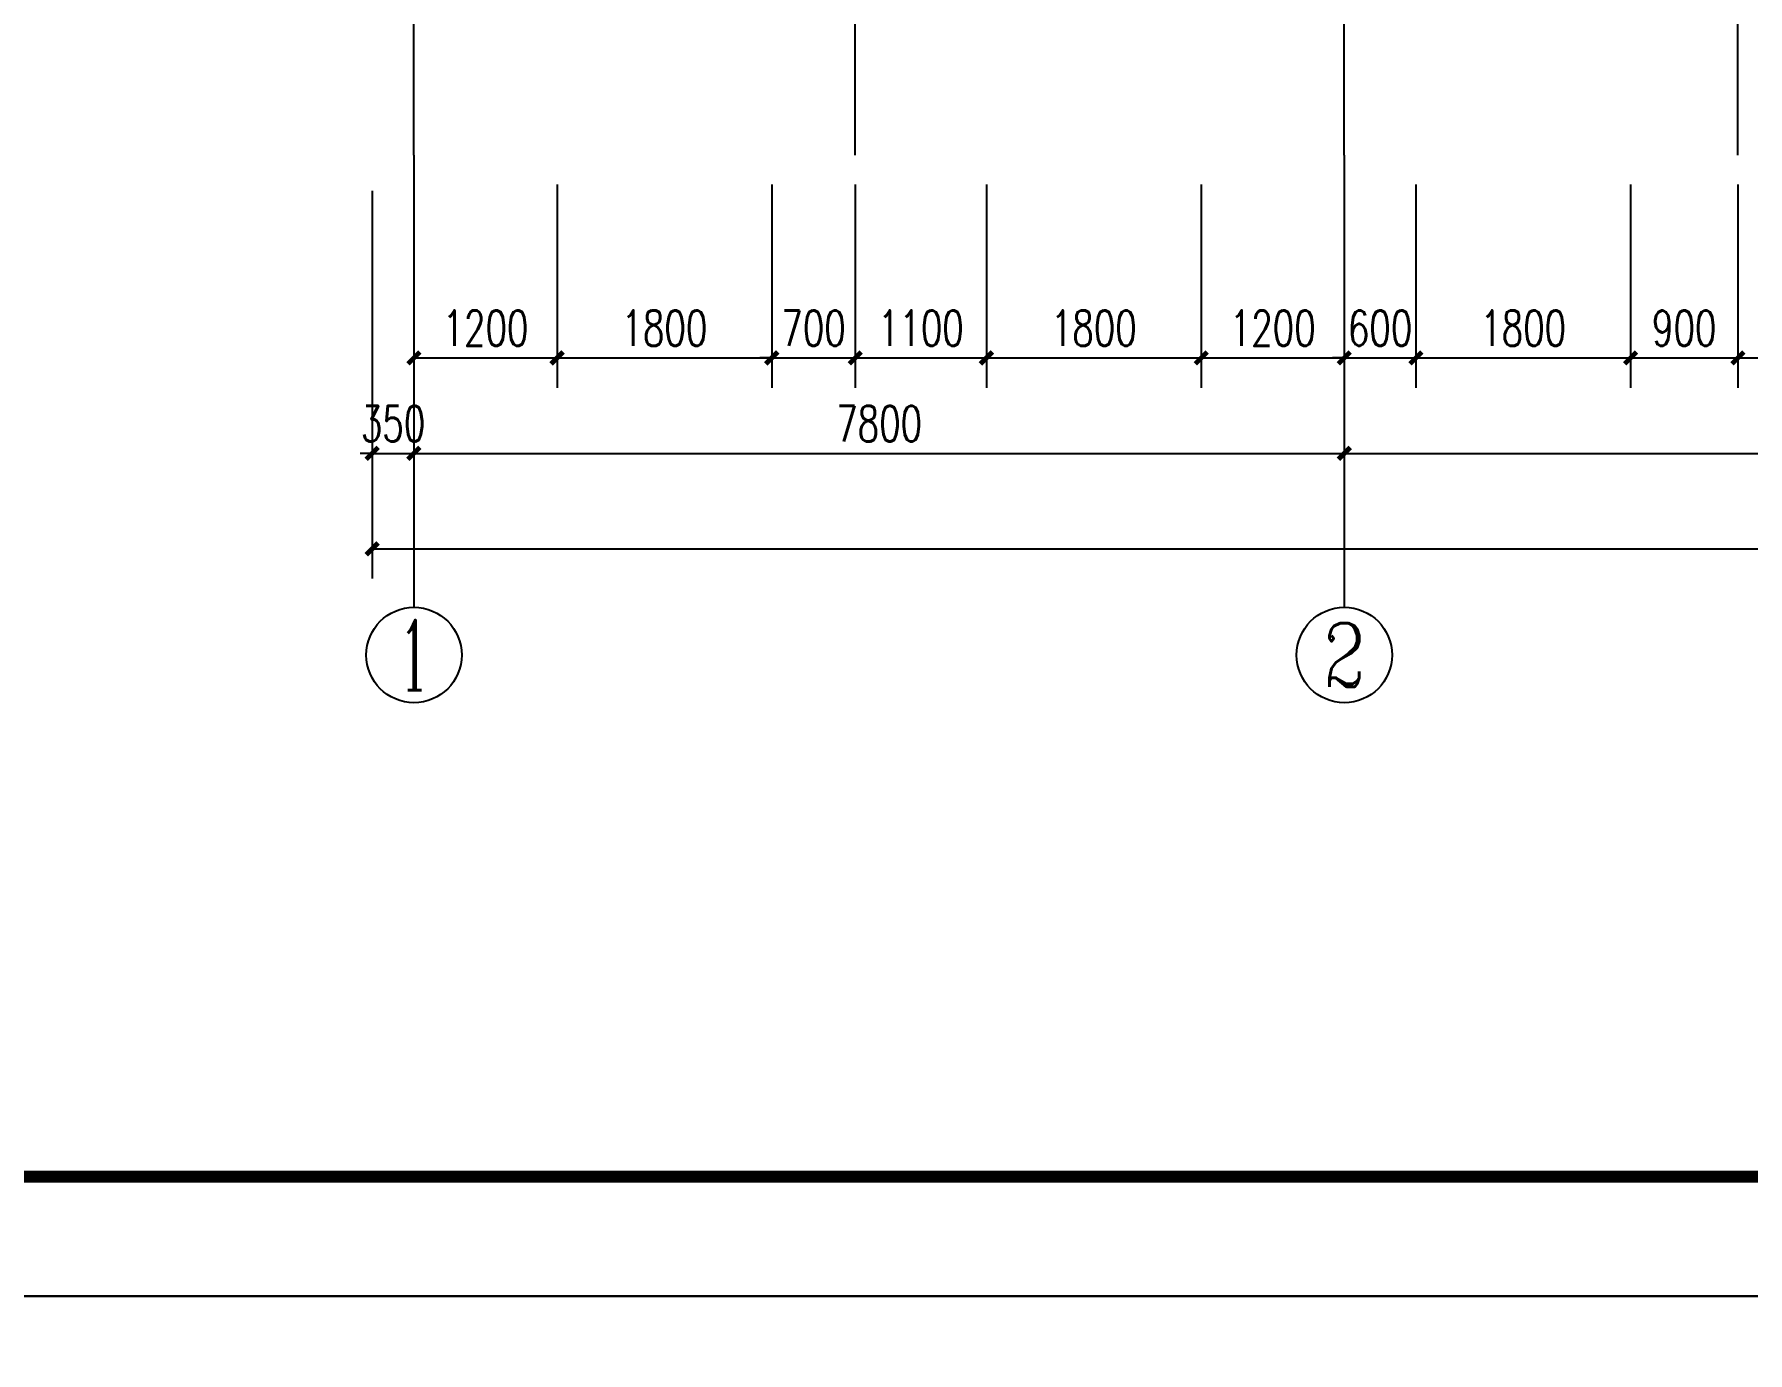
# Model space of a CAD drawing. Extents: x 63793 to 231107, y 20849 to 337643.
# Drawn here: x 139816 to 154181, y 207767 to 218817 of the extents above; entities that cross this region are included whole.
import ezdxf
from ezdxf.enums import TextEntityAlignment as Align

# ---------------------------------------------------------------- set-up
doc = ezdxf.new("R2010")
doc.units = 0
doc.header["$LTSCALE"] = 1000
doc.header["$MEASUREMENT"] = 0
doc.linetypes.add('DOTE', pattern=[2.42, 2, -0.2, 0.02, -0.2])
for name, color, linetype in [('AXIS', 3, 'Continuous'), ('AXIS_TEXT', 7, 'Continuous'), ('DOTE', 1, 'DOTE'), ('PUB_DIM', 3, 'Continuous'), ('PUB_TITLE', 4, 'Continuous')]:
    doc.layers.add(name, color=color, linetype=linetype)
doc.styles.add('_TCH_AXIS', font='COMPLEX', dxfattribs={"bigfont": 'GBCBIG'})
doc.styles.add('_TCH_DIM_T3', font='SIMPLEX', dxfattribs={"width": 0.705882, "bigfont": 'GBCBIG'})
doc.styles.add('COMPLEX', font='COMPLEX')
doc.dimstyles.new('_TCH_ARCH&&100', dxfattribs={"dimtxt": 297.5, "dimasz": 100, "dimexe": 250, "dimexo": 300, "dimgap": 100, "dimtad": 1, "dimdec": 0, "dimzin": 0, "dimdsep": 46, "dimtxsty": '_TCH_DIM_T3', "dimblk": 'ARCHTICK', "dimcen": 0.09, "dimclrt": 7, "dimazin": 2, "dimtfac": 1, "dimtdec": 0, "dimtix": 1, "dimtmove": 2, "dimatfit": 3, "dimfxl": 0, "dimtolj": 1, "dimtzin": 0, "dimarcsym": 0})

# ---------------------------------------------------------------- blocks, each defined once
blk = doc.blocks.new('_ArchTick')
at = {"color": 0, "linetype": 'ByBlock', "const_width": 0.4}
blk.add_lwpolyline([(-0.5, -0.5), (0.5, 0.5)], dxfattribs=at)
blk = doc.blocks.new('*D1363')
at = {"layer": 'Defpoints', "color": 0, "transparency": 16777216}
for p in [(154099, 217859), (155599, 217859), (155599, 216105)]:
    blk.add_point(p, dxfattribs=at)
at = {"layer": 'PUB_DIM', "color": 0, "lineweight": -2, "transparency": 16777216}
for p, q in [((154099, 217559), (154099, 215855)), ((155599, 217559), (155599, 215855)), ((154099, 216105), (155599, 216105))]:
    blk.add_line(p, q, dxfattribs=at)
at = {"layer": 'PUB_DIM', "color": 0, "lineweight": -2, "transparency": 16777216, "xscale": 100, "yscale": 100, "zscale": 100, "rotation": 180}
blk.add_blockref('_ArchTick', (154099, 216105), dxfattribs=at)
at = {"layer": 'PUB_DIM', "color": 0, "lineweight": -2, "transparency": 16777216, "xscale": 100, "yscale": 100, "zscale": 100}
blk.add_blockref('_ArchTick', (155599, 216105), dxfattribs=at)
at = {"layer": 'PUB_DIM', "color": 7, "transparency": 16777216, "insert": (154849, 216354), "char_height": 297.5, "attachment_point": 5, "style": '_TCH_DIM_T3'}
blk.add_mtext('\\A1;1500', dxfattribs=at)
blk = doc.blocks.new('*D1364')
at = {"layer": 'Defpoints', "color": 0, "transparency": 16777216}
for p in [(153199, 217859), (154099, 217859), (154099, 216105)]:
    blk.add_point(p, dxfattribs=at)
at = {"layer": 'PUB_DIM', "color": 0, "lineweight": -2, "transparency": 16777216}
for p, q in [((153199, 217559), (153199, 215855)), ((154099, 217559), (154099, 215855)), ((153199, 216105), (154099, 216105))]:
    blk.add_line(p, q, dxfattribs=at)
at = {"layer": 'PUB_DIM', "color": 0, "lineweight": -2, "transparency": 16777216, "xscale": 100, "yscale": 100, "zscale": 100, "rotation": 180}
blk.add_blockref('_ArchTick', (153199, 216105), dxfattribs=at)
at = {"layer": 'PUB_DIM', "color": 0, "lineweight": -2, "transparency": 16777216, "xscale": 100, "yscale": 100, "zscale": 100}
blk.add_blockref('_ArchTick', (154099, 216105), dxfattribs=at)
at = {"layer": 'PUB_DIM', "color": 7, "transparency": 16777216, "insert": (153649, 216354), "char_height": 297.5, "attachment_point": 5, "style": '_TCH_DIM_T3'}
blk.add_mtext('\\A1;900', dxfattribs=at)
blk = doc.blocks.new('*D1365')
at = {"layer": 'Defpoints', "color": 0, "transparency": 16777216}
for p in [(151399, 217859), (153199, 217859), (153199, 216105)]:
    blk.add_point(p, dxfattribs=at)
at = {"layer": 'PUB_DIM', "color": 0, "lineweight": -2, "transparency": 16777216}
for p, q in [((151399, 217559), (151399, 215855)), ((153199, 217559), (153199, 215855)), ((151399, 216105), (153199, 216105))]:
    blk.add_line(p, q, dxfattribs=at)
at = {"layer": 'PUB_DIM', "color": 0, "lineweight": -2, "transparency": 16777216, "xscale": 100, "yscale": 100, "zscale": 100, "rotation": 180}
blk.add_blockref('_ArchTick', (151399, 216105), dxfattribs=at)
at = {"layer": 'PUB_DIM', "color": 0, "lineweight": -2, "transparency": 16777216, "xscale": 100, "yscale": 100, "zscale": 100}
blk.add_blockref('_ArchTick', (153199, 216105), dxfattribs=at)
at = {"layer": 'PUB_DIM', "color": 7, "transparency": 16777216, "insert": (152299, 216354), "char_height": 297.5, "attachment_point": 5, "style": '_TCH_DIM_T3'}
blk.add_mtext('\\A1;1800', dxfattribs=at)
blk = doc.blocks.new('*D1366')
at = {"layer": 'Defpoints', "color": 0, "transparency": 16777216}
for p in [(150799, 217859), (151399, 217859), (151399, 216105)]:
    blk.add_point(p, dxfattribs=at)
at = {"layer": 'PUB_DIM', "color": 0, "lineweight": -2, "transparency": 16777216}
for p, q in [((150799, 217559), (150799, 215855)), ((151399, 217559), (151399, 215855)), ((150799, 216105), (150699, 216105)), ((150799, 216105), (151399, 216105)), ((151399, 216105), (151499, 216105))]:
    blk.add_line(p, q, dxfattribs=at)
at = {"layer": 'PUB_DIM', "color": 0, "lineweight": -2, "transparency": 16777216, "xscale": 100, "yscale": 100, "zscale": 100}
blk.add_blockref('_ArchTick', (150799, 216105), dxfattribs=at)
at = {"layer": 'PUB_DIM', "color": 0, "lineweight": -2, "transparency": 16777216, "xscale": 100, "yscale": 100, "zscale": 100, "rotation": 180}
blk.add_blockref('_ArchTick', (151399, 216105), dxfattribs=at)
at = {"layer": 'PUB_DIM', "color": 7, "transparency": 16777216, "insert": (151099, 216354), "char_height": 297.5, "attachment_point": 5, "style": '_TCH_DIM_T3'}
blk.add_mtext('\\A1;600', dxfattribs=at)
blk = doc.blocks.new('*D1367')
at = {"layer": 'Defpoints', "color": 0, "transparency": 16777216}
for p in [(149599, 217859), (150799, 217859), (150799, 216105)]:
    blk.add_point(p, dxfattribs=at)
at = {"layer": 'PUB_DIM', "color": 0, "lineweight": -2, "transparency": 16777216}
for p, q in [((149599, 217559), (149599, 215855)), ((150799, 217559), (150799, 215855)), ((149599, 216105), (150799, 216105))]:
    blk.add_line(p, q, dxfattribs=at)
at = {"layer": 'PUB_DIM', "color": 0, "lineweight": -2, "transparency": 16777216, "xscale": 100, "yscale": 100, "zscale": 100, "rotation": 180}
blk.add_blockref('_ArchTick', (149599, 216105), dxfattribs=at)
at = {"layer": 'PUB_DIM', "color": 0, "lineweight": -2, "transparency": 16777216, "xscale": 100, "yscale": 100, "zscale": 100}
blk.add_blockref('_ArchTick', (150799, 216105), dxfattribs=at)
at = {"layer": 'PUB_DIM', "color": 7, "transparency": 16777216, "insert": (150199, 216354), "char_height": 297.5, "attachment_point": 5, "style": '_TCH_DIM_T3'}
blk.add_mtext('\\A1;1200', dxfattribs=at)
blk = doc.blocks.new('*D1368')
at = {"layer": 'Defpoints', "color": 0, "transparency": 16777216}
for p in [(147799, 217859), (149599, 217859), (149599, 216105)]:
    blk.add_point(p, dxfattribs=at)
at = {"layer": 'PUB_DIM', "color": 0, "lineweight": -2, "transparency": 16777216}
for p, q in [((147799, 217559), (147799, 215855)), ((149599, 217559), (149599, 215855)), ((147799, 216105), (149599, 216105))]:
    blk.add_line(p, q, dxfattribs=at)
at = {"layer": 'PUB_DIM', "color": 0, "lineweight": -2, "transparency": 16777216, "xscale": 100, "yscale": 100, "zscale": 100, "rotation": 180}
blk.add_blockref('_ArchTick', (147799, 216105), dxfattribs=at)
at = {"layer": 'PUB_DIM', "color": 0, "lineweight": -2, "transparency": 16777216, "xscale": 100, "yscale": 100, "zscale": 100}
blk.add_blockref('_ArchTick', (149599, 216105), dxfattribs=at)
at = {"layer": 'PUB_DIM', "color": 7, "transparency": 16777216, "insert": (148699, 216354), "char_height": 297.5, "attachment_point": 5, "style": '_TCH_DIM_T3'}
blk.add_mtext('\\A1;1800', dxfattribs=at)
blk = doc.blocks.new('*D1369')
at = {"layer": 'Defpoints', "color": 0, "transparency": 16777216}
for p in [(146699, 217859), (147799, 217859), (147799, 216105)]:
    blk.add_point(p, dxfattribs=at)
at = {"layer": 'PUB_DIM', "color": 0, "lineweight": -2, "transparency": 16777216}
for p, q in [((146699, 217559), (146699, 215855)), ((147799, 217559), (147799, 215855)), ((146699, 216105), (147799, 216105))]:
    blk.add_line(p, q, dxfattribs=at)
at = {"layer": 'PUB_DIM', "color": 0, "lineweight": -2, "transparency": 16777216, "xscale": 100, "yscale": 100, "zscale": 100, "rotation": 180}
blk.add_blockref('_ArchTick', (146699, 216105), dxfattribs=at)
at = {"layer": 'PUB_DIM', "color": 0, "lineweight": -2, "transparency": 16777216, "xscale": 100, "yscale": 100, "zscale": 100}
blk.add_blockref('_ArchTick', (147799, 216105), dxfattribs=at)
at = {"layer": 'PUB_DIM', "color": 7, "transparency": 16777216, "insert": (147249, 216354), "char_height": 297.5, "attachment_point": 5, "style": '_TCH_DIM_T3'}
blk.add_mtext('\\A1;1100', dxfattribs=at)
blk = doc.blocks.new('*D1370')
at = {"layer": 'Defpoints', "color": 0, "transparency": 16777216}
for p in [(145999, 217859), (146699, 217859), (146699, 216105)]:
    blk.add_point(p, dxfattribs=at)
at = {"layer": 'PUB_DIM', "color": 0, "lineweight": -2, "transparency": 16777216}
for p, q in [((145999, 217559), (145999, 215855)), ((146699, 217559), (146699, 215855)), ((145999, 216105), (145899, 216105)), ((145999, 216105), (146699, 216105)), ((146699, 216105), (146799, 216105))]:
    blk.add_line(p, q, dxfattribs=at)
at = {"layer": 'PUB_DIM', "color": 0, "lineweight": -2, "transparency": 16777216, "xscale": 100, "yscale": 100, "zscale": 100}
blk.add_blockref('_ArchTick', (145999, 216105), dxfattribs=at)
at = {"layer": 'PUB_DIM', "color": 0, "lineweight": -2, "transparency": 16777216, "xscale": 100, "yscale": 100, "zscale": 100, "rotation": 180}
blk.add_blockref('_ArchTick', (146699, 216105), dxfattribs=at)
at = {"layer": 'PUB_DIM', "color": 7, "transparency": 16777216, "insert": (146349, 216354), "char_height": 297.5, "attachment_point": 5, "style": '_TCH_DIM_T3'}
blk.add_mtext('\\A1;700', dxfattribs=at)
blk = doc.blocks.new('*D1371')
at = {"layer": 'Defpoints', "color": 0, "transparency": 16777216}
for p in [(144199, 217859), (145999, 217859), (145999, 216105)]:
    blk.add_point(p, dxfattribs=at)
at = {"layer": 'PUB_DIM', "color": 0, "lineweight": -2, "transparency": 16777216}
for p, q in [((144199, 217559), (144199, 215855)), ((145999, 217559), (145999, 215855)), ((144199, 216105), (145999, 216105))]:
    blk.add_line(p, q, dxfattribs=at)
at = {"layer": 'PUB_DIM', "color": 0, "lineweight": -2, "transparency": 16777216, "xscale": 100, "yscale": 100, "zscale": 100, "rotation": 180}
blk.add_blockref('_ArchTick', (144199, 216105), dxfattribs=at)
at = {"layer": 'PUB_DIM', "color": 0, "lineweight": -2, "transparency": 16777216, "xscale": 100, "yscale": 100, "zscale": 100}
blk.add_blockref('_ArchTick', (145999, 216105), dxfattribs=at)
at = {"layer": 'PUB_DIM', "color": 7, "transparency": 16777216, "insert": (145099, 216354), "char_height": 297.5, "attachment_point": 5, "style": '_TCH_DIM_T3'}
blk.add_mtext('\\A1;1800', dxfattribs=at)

======

● Task directions
Given the entries above, count how many lines include the word "GBCBIG"; respond with the number only.

● Solution to the problem
2